第225話段ボールとマジック

 両足太ももを拳銃で打ち抜かれた『殺される覚悟』を持たぬ忍は住友の質問に躊躇することなく答えていく。住友もポンポイントで忍にうたわせる。


「組織の構成はどうなっとる」


「い、一応形だけは、はあ…、解散してますが…、はあはあ…、頭は間宮って人間が…、はあ…、まとめてます…」


「構成人数は」


「それは…、はあ、本当に分かりません…。はあはあ…、実際に自分みたいな、はあ…、名前もある幹部は…、五人です…」


「その間宮って小僧と五人の幹部のフルネーム」


「間宮は徹です。はあ、あとは自分が中山…忍です…。それから福岡軍紀、比留間勲…、鹿島雄二…世良義経…です。はあ…はあ」


「兵隊の数は。つっても末端は犯罪に加担してるのも自覚しとらんものも多いやろう」


「はい…、はあ…」


「『蜜気魔薄組』と列組んでんのは分かっとる。改めて小僧の口から聞きてえ。あそことはどんな関係や」


「…本職のヤクザは暴対法や…はあ、使用者責任で今は稼げないって…はあ、聞いてます…。それで実行部隊を…、法に問われない自分らで…」


「その見返りは」


「こ、これは…間宮から聞いてることですが…、はあ、はあ、はあ、対等以上の関係…、表向きにシマを…仕切ってるのは、はあ、『蜜気魔薄組』にして…、実際には間宮が…仕切ること…はあ、です…」


「『蜜気魔薄組』の前の組長若林を殺したのは誰や」


「…はあ、はあ…、それは本当に知りません…」


 パキューン。


「ぐっ!ううううう…」


 忍の右足太ももをためらうことなく撃つ住友。


「知りませんは答えになってねえんだよ」


 忍が痛みを食いしばって絞り出す。


「殺ったのはうちの誰かなのは間違いないと思います…。伊勢さんとは…はあはあ、間宮しか直でのやり取りは出来ませんので…」


「伊勢さんとは今の『蜜気魔薄組』組長の伊勢のことやな」


「はい…」


「さっきの話に戻る。お前らが弱みを握ってる人たちのネタは誰が管理しとる」


「それは…、すべて間宮の元に…はあ、ありますが…。はあはあ。動画データなんで…。幹部らも…それぞれ持たされてます…。はあ、はあ…」


「間宮と幹部、その六人以外に漏れることは」


「…漏れてます…。それぞれの…、幹部が…はあ、はあ、集金係を作り…、信用できる人間に…、それをやらせてます…。それぞれの…担当が…、コンタクトから交渉…、金額の設定、回収まで…を、はあ、担当してますんで…。今は…、数を増やすことを第一に考えて…やってますんで…、はあ、下からの上納って形で…集金係専門の人間が…新しい弱みをどんどんとってきてますんで…はあ…。中には黙って小銭を稼いでいる奴も…はあ…いると聞いてます…」


「とりあえずお前が知ってるもん、持ってるもん、ありかも全部言え。出せ」


「はい…」


 そして事務所の机の中と自分の財布の中にマイクロSDカードが数枚入っていると言う忍。

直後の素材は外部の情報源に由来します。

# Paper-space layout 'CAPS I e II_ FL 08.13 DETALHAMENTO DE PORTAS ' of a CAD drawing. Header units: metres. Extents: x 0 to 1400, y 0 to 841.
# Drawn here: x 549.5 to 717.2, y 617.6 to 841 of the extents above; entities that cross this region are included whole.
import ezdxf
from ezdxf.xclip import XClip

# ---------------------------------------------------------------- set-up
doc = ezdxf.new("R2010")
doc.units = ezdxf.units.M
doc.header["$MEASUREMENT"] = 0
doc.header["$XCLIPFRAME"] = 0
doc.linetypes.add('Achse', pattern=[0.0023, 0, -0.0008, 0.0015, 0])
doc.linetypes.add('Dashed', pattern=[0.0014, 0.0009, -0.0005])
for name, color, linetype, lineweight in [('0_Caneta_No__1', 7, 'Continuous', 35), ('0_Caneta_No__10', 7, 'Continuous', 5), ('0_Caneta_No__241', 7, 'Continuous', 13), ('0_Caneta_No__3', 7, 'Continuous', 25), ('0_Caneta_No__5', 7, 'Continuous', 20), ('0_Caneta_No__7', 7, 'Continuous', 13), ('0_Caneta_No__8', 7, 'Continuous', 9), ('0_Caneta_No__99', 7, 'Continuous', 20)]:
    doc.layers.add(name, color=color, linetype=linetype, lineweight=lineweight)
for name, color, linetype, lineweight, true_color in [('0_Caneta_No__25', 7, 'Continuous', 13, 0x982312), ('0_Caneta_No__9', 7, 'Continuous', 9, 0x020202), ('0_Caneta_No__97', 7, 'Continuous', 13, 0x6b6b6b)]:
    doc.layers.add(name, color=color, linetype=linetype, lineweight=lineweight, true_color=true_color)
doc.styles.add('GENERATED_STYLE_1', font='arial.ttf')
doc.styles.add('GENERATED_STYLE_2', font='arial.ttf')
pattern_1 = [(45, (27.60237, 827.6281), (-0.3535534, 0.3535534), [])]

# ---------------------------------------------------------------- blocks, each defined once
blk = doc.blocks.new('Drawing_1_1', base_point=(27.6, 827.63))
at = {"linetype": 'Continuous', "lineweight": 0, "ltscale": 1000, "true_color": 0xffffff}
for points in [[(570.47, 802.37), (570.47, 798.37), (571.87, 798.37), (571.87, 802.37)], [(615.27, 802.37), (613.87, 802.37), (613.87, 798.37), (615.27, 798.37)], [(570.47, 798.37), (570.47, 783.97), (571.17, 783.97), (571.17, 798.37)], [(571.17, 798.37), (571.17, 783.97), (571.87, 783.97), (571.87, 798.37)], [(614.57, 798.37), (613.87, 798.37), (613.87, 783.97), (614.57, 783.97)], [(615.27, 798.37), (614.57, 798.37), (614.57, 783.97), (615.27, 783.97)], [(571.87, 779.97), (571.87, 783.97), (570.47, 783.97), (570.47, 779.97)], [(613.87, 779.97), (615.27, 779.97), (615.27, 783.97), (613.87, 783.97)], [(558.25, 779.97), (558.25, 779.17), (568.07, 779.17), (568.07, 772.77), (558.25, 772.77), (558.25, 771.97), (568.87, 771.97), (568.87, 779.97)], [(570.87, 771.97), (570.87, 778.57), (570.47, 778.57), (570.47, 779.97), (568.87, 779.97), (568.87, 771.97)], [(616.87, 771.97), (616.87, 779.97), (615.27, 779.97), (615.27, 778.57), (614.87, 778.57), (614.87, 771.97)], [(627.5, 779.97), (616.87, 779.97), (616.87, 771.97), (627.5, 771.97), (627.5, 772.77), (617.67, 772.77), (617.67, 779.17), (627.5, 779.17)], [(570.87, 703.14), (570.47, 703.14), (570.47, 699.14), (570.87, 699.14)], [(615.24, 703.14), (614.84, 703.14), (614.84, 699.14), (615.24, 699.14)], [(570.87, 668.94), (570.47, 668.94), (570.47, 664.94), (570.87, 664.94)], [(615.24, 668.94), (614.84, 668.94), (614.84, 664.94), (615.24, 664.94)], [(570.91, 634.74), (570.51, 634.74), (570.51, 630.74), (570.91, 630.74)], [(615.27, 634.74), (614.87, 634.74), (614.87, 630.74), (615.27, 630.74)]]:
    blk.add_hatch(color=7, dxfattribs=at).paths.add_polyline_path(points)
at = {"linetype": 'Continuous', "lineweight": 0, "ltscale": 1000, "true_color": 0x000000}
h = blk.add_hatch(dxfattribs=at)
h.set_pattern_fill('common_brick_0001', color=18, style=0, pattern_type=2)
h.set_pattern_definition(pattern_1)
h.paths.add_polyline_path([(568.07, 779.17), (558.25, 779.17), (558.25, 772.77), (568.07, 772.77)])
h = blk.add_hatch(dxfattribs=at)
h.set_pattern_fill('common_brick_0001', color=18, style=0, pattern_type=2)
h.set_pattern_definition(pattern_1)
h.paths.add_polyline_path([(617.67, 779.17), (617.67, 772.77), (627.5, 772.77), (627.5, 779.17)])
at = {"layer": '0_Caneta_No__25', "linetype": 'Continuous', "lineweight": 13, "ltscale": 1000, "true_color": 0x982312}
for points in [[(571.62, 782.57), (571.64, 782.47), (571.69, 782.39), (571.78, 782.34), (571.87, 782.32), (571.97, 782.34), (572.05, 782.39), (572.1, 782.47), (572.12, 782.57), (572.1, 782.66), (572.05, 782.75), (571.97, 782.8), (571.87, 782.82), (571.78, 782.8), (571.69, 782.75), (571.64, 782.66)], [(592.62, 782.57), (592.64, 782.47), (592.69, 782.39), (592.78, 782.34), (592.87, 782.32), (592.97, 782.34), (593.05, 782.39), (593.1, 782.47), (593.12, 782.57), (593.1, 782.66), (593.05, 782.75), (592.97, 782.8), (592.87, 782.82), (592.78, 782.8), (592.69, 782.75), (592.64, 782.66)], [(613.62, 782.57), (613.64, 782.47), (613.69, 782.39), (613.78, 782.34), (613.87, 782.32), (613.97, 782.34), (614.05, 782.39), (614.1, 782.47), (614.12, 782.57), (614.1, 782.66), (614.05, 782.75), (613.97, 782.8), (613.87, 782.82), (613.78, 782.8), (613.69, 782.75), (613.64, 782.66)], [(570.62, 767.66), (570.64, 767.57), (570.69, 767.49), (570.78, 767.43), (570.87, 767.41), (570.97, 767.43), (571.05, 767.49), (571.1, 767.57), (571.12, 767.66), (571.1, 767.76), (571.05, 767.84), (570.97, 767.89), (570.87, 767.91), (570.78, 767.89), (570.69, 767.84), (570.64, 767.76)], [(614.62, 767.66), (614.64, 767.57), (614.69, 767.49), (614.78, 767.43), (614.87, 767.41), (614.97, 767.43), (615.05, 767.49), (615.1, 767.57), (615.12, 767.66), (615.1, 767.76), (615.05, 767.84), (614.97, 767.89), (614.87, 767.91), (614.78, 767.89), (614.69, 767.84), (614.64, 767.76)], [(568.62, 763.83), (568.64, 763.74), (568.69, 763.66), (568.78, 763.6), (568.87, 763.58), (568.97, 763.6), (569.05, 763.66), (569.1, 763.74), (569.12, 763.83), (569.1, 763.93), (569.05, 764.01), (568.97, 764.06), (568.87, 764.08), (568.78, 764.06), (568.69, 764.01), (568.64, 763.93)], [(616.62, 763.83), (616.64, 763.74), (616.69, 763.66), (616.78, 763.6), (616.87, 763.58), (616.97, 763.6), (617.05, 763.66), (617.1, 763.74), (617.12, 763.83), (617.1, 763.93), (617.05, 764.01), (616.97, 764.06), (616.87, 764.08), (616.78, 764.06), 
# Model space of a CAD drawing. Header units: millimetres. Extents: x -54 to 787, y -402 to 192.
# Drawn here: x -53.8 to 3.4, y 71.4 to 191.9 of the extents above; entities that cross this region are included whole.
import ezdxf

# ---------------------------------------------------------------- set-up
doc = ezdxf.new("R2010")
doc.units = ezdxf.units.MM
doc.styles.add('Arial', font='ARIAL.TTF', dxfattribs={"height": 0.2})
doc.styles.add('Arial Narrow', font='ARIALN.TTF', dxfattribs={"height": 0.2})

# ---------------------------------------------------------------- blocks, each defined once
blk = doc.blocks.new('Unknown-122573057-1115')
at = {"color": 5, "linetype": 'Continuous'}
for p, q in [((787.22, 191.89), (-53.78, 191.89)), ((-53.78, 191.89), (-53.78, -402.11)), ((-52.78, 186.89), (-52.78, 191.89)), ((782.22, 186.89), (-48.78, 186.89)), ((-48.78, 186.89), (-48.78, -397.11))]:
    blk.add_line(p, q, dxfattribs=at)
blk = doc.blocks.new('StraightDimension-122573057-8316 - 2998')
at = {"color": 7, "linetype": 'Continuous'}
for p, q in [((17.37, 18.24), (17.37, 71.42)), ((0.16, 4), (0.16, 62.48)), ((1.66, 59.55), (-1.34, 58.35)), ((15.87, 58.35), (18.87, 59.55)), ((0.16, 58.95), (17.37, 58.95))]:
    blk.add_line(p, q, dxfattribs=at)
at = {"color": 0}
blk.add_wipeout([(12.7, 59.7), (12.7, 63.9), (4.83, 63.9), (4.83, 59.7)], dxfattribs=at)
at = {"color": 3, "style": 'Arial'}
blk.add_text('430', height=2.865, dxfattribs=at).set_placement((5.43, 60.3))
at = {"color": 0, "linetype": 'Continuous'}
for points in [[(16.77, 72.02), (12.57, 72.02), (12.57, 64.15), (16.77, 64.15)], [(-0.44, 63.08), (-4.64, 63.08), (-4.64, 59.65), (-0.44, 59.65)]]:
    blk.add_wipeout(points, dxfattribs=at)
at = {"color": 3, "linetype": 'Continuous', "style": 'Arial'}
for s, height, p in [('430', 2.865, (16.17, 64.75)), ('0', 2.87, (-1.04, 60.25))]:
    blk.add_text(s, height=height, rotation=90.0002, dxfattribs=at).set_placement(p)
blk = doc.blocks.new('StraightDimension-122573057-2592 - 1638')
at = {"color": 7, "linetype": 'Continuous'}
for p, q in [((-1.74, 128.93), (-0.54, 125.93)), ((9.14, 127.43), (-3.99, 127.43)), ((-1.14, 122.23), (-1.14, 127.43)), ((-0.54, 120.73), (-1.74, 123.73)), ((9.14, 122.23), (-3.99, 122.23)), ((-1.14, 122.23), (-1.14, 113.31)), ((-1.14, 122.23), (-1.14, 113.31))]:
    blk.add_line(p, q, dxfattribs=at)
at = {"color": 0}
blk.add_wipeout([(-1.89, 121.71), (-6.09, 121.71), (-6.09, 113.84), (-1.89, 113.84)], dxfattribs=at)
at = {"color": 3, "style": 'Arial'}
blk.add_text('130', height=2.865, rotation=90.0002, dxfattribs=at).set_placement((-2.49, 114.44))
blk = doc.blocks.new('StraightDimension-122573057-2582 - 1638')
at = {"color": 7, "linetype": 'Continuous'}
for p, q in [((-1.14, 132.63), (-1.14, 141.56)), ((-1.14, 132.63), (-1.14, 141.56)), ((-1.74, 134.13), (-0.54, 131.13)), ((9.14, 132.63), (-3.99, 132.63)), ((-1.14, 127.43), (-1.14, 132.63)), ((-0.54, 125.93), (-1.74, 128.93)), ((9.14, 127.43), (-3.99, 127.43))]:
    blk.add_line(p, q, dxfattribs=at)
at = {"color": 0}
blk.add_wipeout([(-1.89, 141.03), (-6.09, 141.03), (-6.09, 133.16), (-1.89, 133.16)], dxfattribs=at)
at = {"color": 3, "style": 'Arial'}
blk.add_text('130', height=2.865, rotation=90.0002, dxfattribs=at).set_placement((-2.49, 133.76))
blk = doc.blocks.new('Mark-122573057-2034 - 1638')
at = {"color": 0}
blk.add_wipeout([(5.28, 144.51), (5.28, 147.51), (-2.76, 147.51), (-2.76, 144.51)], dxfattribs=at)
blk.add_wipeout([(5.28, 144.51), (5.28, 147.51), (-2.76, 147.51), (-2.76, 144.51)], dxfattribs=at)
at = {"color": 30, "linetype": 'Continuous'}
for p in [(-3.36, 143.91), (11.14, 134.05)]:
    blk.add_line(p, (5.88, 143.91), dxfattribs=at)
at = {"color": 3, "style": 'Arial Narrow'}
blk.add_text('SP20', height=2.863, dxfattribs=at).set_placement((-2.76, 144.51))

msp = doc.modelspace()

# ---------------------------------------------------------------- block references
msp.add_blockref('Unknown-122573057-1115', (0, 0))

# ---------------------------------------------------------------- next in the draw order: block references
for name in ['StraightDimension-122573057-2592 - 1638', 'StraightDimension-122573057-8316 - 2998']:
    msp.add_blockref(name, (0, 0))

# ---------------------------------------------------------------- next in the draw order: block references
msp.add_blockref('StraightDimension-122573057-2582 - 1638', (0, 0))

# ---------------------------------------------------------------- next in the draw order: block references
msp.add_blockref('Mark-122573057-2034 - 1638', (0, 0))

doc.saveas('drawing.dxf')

「あ…!かしら!こいつの財布はここに来る途中道端に捨てました」


 慌てて口を出す京山。住友は一切動じない。


「そうか。それでお前のは全部やな」


「自分が…はあはあ…、知る限りのものは…全部です…」


「そうか。じゃあ出来ることからや。お前の事務所の住所、建物名から全部言え。鍵は勿論持っとるやろうな」


「…京山さんに財布と一緒に先ほど…、すべて出してます…はあ」


「かしら!すいません!俺は今からダッシュで取りに行きますんで」


「安心せえ。健司。お前が捨てた袋は回収しとる。それよりここからや。小僧。ええ感じで半裸やのお。でも血が邪魔や。裸になれ」


 住友の拳銃が忍を言いなりにする。


「はい…」


 そして京山に一階から何か段ボールとマジックみたいなものがあれば持ってくるよう言う住友。ここで忍は本当の意味での『目には目を歯には歯を年賀状には年賀状を』の言葉を知ることとなる。